Scoring of PTTG1 and CCNB1 may prove challenging due to the low abundance of these proteins in prostate cancer. An automatic scoring system was used to overcome this challenge, allowing us to count positive tumor cells in an accurate and reproducible manner, thereby eliminating observer variability. The expression of BUB3 was only scored visually as the automatic scoring could not be applied due to technical challenges. However, the inter-observer agreement was substantial. Another limitation included the use of a patient cohort from the pre-PSA era containing more aggressive tumors compared with contemporary cohorts. As a consequence, the relevance of these markers should be validated in a cohort that is more representative for patients diagnosed today, including biopsy material from patients under active surveillance. However, the long follow-up gave us the advantage of using clinical recurrence as an endpoint in the survival analyses. A sampling bias caused by limited tumor material for some of the patients, may have excluded patients with a low tumor burden. Furthermore, some tumor samples were excluded as the tumor tissue fell off during the immunohistochemistry procedure. This is a well-known issue [31], which we tried to avoid by using coated slides and removing excess water in the sections before freezing.

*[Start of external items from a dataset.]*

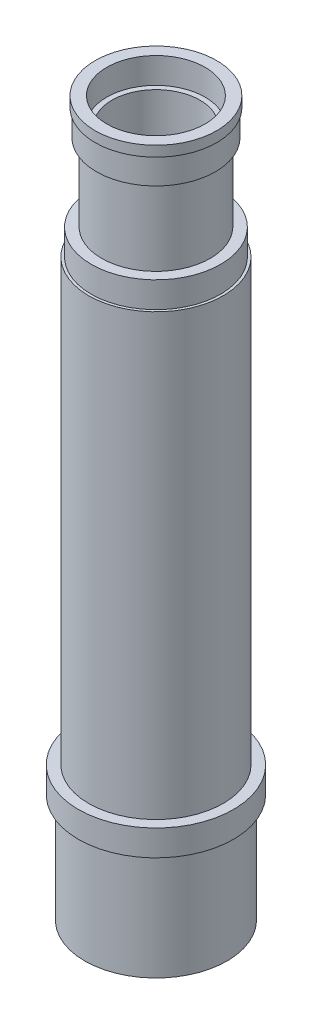
ISO-10303-21;
HEADER;
FILE_DESCRIPTION(('STEP AP214'),'2;1');
FILE_NAME('part.step','',(''),(''),'','','');
FILE_SCHEMA(('AUTOMOTIVE_DESIGN { 1 0 10303 214 1 1 1 1 }'));
ENDSEC;
DATA;
#1=APPLICATION_CONTEXT('core data for automotive mechanical design processes');
#2=APPLICATION_PROTOCOL_DEFINITION('international standard','automotive_design',2000,#1);
#3=PRODUCT_CONTEXT('',#1,'mechanical');
#4=PRODUCT('Part','Part','',(#3));
#5=PRODUCT_RELATED_PRODUCT_CATEGORY('part','',(#4));
#6=PRODUCT_DEFINITION_FORMATION('','',#4);
#7=PRODUCT_DEFINITION_CONTEXT('part definition',#1,'design');
#8=PRODUCT_DEFINITION('design','',#6,#7);
#9=PRODUCT_DEFINITION_SHAPE('','',#8);
#10=(LENGTH_UNIT() NAMED_UNIT(*) SI_UNIT(.MILLI.,.METRE.));
#11=(NAMED_UNIT(*) PLANE_ANGLE_UNIT() SI_UNIT($,.RADIAN.));
#12=(NAMED_UNIT(*) SI_UNIT($,.STERADIAN.) SOLID_ANGLE_UNIT());
#13=UNCERTAINTY_MEASURE_WITH_UNIT(LENGTH_MEASURE(1.E-05),#10,'distance_accuracy_value','');
#14=(GEOMETRIC_REPRESENTATION_CONTEXT(3) GLOBAL_UNCERTAINTY_ASSIGNED_CONTEXT((#13)) GLOBAL_UNIT_ASSIGNED_CONTEXT((#10,
#11,#12)) REPRESENTATION_CONTEXT('',''));
#15=CARTESIAN_POINT('',(0.,0.,0.));
#16=DIRECTION('',(0.,0.,1.));
#17=DIRECTION('',(1.,0.,0.));
#18=AXIS2_PLACEMENT_3D('',#15,#16,#17);
#19=CARTESIAN_POINT('',(0.,-35.5838190768799,15.));
#20=DIRECTION('',(0.,1.,0.));
#21=DIRECTION('',(0.,0.,1.));
#22=AXIS2_PLACEMENT_3D('',#19,#20,#21);
#23=PLANE('',#22);
#24=CARTESIAN_POINT('',(0.,-35.5838190768799,0.));
#25=DIRECTION('',(0.,1.,0.));
#26=DIRECTION('',(0.,0.,1.));
#27=AXIS2_PLACEMENT_3D('',#24,#25,#26);
#28=CIRCLE('',#27,11.);
#29=CARTESIAN_POINT('',(0.,-35.5838190768799,11.));
#30=VERTEX_POINT('',#29);
#31=EDGE_CURVE('E49',#30,#30,#28,.F.);
#32=ORIENTED_EDGE('',*,*,#31,.T.);
#33=EDGE_LOOP('',(#32));
#34=FACE_BOUND('',#33,.T.);
#35=CARTESIAN_POINT('',(0.,-35.5838190768799,0.));
#36=DIRECTION('',(0.,1.,0.));
#37=DIRECTION('',(0.,0.,1.));
#38=AXIS2_PLACEMENT_3D('',#35,#36,#37);
#39=CIRCLE('',#38,15.);
#40=CARTESIAN_POINT('',(0.,-35.5838190768799,15.));
#41=VERTEX_POINT('',#40);
#42=EDGE_CURVE('E65',#41,#41,#39,.T.);
#43=ORIENTED_EDGE('',*,*,#42,.T.);
#44=EDGE_LOOP('',(#43));
#45=FACE_BOUND('',#44,.T.);
#46=ADVANCED_FACE('F45',(#34,#45),#23,.T.);
#47=CARTESIAN_POINT('',(0.,74.4161809231202,0.));
#48=DIRECTION('',(0.,1.,0.));
#49=DIRECTION('',(0.,0.,1.));
#50=AXIS2_PLACEMENT_3D('',#47,#48,#49);
#51=CYLINDRICAL_SURFACE('',#50,11.75);
#52=CARTESIAN_POINT('',(0.,-61.5838190768799,0.));
#53=DIRECTION('',(0.,1.,0.));
#54=DIRECTION('',(0.,0.,1.));
#55=AXIS2_PLACEMENT_3D('',#52,#53,#54);
#56=CIRCLE('',#55,11.75);
#57=CARTESIAN_POINT('',(0.,-61.5838190768799,11.75));
#58=VERTEX_POINT('',#57);
#59=EDGE_CURVE('E77',#58,#58,#56,.T.);
#60=ORIENTED_EDGE('',*,*,#59,.F.);
#61=EDGE_LOOP('',(#60));
#62=FACE_BOUND('',#61,.T.);
#63=CARTESIAN_POINT('',(0.,-38.5838190768799,0.));
#64=DIRECTION('',(0.,1.,0.));
#65=DIRECTION('',(0.,0.,1.));
#66=AXIS2_PLACEMENT_3D('',#63,#64,#65);
#67=CIRCLE('',#66,11.75);
#68=CARTESIAN_POINT('',(0.,-38.5838190768799,11.75));
#69=VERTEX_POINT('',#68);
#70=EDGE_CURVE('E12',#69,#69,#67,.T.);
#71=ORIENTED_EDGE('',*,*,#70,.T.);
#72=EDGE_LOOP('',(#71));
#73=FACE_BOUND('',#72,.T.);
#74=ADVANCED_FACE('F101',(#62,#73),#51,.F.);
#75=CARTESIAN_POINT('',(11.75,-38.5838190768799,0.));
#76=DIRECTION('',(0.,-1.,0.));
#77=DIRECTION('',(0.,0.,-1.));
#78=AXIS2_PLACEMENT_3D('',#75,#76,#77);
#79=PLANE('',#78);
#80=ORIENTED_EDGE('',*,*,#70,.F.);
#81=EDGE_LOOP('',(#80));
#82=FACE_BOUND('',#81,.T.);
#83=CARTESIAN_POINT('',(0.,-38.5838190768799,0.));
#84=DIRECTION('',(0.,1.,0.));
#85=DIRECTION('',(0.,0.,1.));
#86=AXIS2_PLACEMENT_3D('',#83,#84,#85);
#87=CIRCLE('',#86,13.);
#88=CARTESIAN_POINT('',(0.,-38.5838190768799,13.));
#89=VERTEX_POINT('',#88);
#90=EDGE_CURVE('E53',#89,#89,#87,.T.);
#91=ORIENTED_EDGE('',*,*,#90,.T.);
#92=EDGE_LOOP('',(#91));
#93=FACE_BOUND('',#92,.T.);
#94=ADVANCED_FACE('F103',(#82,#93),#79,.F.);
#95=CARTESIAN_POINT('',(0.,74.4161809231202,0.));
#96=DIRECTION('',(0.,1.,0.));
#97=DIRECTION('',(0.,0.,1.));
#98=AXIS2_PLACEMENT_3D('',#95,#96,#97);
#99=CYLINDRICAL_SURFACE('',#98,13.);
#100=ORIENTED_EDGE('',*,*,#90,.F.);
#101=EDGE_LOOP('',(#100));
#102=FACE_BOUND('',#101,.T.);
#103=CARTESIAN_POINT('',(0.,-37.5838190768799,0.));
#104=DIRECTION('',(0.,1.,0.));
#105=DIRECTION('',(0.,0.,1.));
#106=AXIS2_PLACEMENT_3D('',#103,#104,#105);
#107=CIRCLE('',#106,13.);
#108=CARTESIAN_POINT('',(0.,-37.5838190768799,13.));
#109=VERTEX_POINT('',#108);
#110=EDGE_CURVE('E57',#109,#109,#107,.T.);
#111=ORIENTED_EDGE('',*,*,#110,.T.);
#112=EDGE_LOOP('',(#111));
#113=FACE_BOUND('',#112,.T.);
#114=ADVANCED_FACE('F97',(#102,#113),#99,.F.);
#115=CARTESIAN_POINT('',(13.,-37.5838190768799,0.));
#116=DIRECTION('',(0.,1.,0.));
#117=DIRECTION('',(0.,0.,1.));
#118=AXIS2_PLACEMENT_3D('',#115,#116,#117);
#119=PLANE('',#118);
#120=ORIENTED_EDGE('',*,*,#110,.F.);
#121=EDGE_LOOP('',(#120));
#122=FACE_BOUND('',#121,.T.);
#123=CARTESIAN_POINT('',(0.,-37.5838190768799,0.));
#124=DIRECTION('',(0.,1.,0.));
#125=DIRECTION('',(0.,0.,1.));
#126=AXIS2_PLACEMENT_3D('',#123,#124,#125);
#127=CIRCLE('',#126,11.);
#128=CARTESIAN_POINT('',(0.,-37.5838190768799,11.));
#129=VERTEX_POINT('',#128);
#130=EDGE_CURVE('E62',#129,#129,#127,.T.);
#131=ORIENTED_EDGE('',*,*,#130,.T.);
#132=EDGE_LOOP('',(#131));
#133=FACE_BOUND('',#132,.T.);
#134=ADVANCED_FACE('F88',(#122,#133),#119,.F.);
#135=CARTESIAN_POINT('',(0.,74.4161809231202,0.));
#136=DIRECTION('',(0.,1.,0.));
#137=DIRECTION('',(0.,0.,1.));
#138=AXIS2_PLACEMENT_3D('',#135,#136,#137);
#139=CYLINDRICAL_SURFACE('',#138,11.);
#140=ORIENTED_EDGE('',*,*,#130,.F.);
#141=EDGE_LOOP('',(#140));
#142=FACE_BOUND('',#141,.T.);
#143=ORIENTED_EDGE('',*,*,#31,.F.);
#144=EDGE_LOOP('',(#143));
#145=FACE_BOUND('',#144,.T.);
#146=ADVANCED_FACE('F47',(#142,#145),#139,.F.);
#147=CARTESIAN_POINT('',(11.75,-61.5838190768799,0.));
#148=DIRECTION('',(0.,1.,0.));
#149=DIRECTION('',(0.,0.,1.));
#150=AXIS2_PLACEMENT_3D('',#147,#148,#149);
#151=PLANE('',#150);
#152=CARTESIAN_POINT('',(0.,-61.5838190768799,0.));
#153=DIRECTION('',(0.,1.,0.));
#154=DIRECTION('',(0.,0.,1.));
#155=AXIS2_PLACEMENT_3D('',#152,#153,#154);
#156=CIRCLE('',#155,13.75);
#157=CARTESIAN_POINT('',(0.,-61.5838190768799,13.75));
#158=VERTEX_POINT('',#157);
#159=EDGE_CURVE('E74',#158,#158,#156,.T.);
#160=ORIENTED_EDGE('',*,*,#159,.F.);
#161=EDGE_LOOP('',(#160));
#162=FACE_BOUND('',#161,.T.);
#163=ORIENTED_EDGE('',*,*,#59,.T.);
#164=EDGE_LOOP('',(#163));
#165=FACE_BOUND('',#164,.T.);
#166=ADVANCED_FACE('F87',(#162,#165),#151,.F.);
#167=CARTESIAN_POINT('',(0.,74.4161809231202,0.));
#168=DIRECTION('',(0.,1.,0.));
#169=DIRECTION('',(0.,0.,1.));
#170=AXIS2_PLACEMENT_3D('',#167,#168,#169);
#171=CYLINDRICAL_SURFACE('',#170,13.75);
#172=CARTESIAN_POINT('',(0.,-40.5838190768799,0.));
#173=DIRECTION('',(0.,1.,0.));
#174=DIRECTION('',(0.,0.,1.));
#175=AXIS2_PLACEMENT_3D('',#172,#173,#174);
#176=CIRCLE('',#175,13.75);
#177=CARTESIAN_POINT('',(0.,-40.5838190768799,13.75));
#178=VERTEX_POINT('',#177);
#179=EDGE_CURVE('E71',#178,#178,#176,.T.);
#180=ORIENTED_EDGE('',*,*,#179,.F.);
#181=EDGE_LOOP('',(#180));
#182=FACE_BOUND('',#181,.T.);
#183=ORIENTED_EDGE('',*,*,#159,.T.);
#184=EDGE_LOOP('',(#183));
#185=FACE_BOUND('',#184,.T.);
#186=ADVANCED_FACE('F94',(#182,#185),#171,.T.);
#187=CARTESIAN_POINT('',(13.75,-40.5838190768799,0.));
#188=DIRECTION('',(0.,1.,0.));
#189=DIRECTION('',(0.,0.,1.));
#190=AXIS2_PLACEMENT_3D('',#187,#188,#189);
#191=PLANE('',#190);
#192=CARTESIAN_POINT('',(0.,-40.5838190768799,0.));
#193=DIRECTION('',(0.,1.,0.));
#194=DIRECTION('',(0.,0.,1.));
#195=AXIS2_PLACEMENT_3D('',#192,#193,#194);
#196=CIRCLE('',#195,15.);
#197=CARTESIAN_POINT('',(0.,-40.5838190768799,15.));
#198=VERTEX_POINT('',#197);
#199=EDGE_CURVE('E68',#198,#198,#196,.T.);
#200=ORIENTED_EDGE('',*,*,#199,.F.);
#201=EDGE_LOOP('',(#200));
#202=FACE_BOUND('',#201,.T.);
#203=ORIENTED_EDGE('',*,*,#179,.T.);
#204=EDGE_LOOP('',(#203));
#205=FACE_BOUND('',#204,.T.);
#206=ADVANCED_FACE('F119',(#202,#205),#191,.F.);
#207=CARTESIAN_POINT('',(0.,74.4161809231202,0.));
#208=DIRECTION('',(0.,1.,0.));
#209=DIRECTION('',(0.,0.,1.));
#210=AXIS2_PLACEMENT_3D('',#207,#208,#209);
#211=CYLINDRICAL_SURFACE('',#210,15.);
#212=ORIENTED_EDGE('',*,*,#42,.F.);
#213=EDGE_LOOP('',(#212));
#214=FACE_BOUND('',#213,.T.);
#215=ORIENTED_EDGE('',*,*,#199,.T.);
#216=EDGE_LOOP('',(#215));
#217=FACE_BOUND('',#216,.T.);
#218=ADVANCED_FACE('F112',(#214,#217),#211,.T.);
#219=CLOSED_SHELL('',(#46,#74,#94,#114,#134,#146,#166,#186,#206,#218));
#220=MANIFOLD_SOLID_BREP('B2',#219);
#221=CARTESIAN_POINT('',(0.,49.4161809231201,13.));
#222=DIRECTION('',(0.,1.,0.));
#223=DIRECTION('',(0.,0.,1.));
#224=AXIS2_PLACEMENT_3D('',#221,#222,#223);
#225=PLANE('',#224);
#226=CARTESIAN_POINT('',(0.,49.4161809231201,0.));
#227=DIRECTION('',(0.,1.,0.));
#228=DIRECTION('',(0.,0.,1.));
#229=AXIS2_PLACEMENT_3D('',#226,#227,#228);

Intra-tumor heterogeneity is a challenge for biomarker studies. The heterogeneity of gene expression of BUB3, CCNB1, and PTTG1 was assessed at the protein level, and observed in about one third of the tumors. The prognostic value improved when we combined the results from three tissue blocks from a patient into one score for each of the proteins. This is in line with the previously described impact of heterogeneity on DNA ploidy as a prognostic marker [1]. Our results indicate that it is possible to account for intra-tumor heterogeneity by analysis of multiple tumor samples, which is a disadvantage in a clinical setting. On the other hand, univariable analyzes of the separate series of tumor samples were statistically significant, which means that one tissue block per patient may be sufficient to assess CCNB1 and PTTG1 expression. Significant results were only obtained for two of the series for cytoplasmic BUB3 and one series for nuclear BUB3, which necessitates analyses of multiple tumor samples for this protein. However, our three-tier system indicates that the presence of intra-tumor heterogeneity is a marker of prognostic importance in itself. We would therefore recommend that the evaluation of these proteins should be examined in more than one tissue block for each patient.

Conclusion

The prognostic value of cytoplasmic BUB3 expression in prostate carcinomas has been reported for the first time in this study. The positive expression of cytoplasmic BUB3, CCNB1, and PTTG1 was significantly correlated with recurrence. Evaluation of the investigated proteins in three tissue blocks considerably improved their prognostic value. The combination of cytoplasmic BUB3 and CCNB1 stratified the patients into three risk groups with a 10-year recurrence rate of 16% for the low-risk group, 40% for the intermediate risk group and 65% for the high-risk group. This marker has the potential to enable better risk stratification of patients with prostate cancer, as it significantly improved the CAPRA-S risk stratification tool.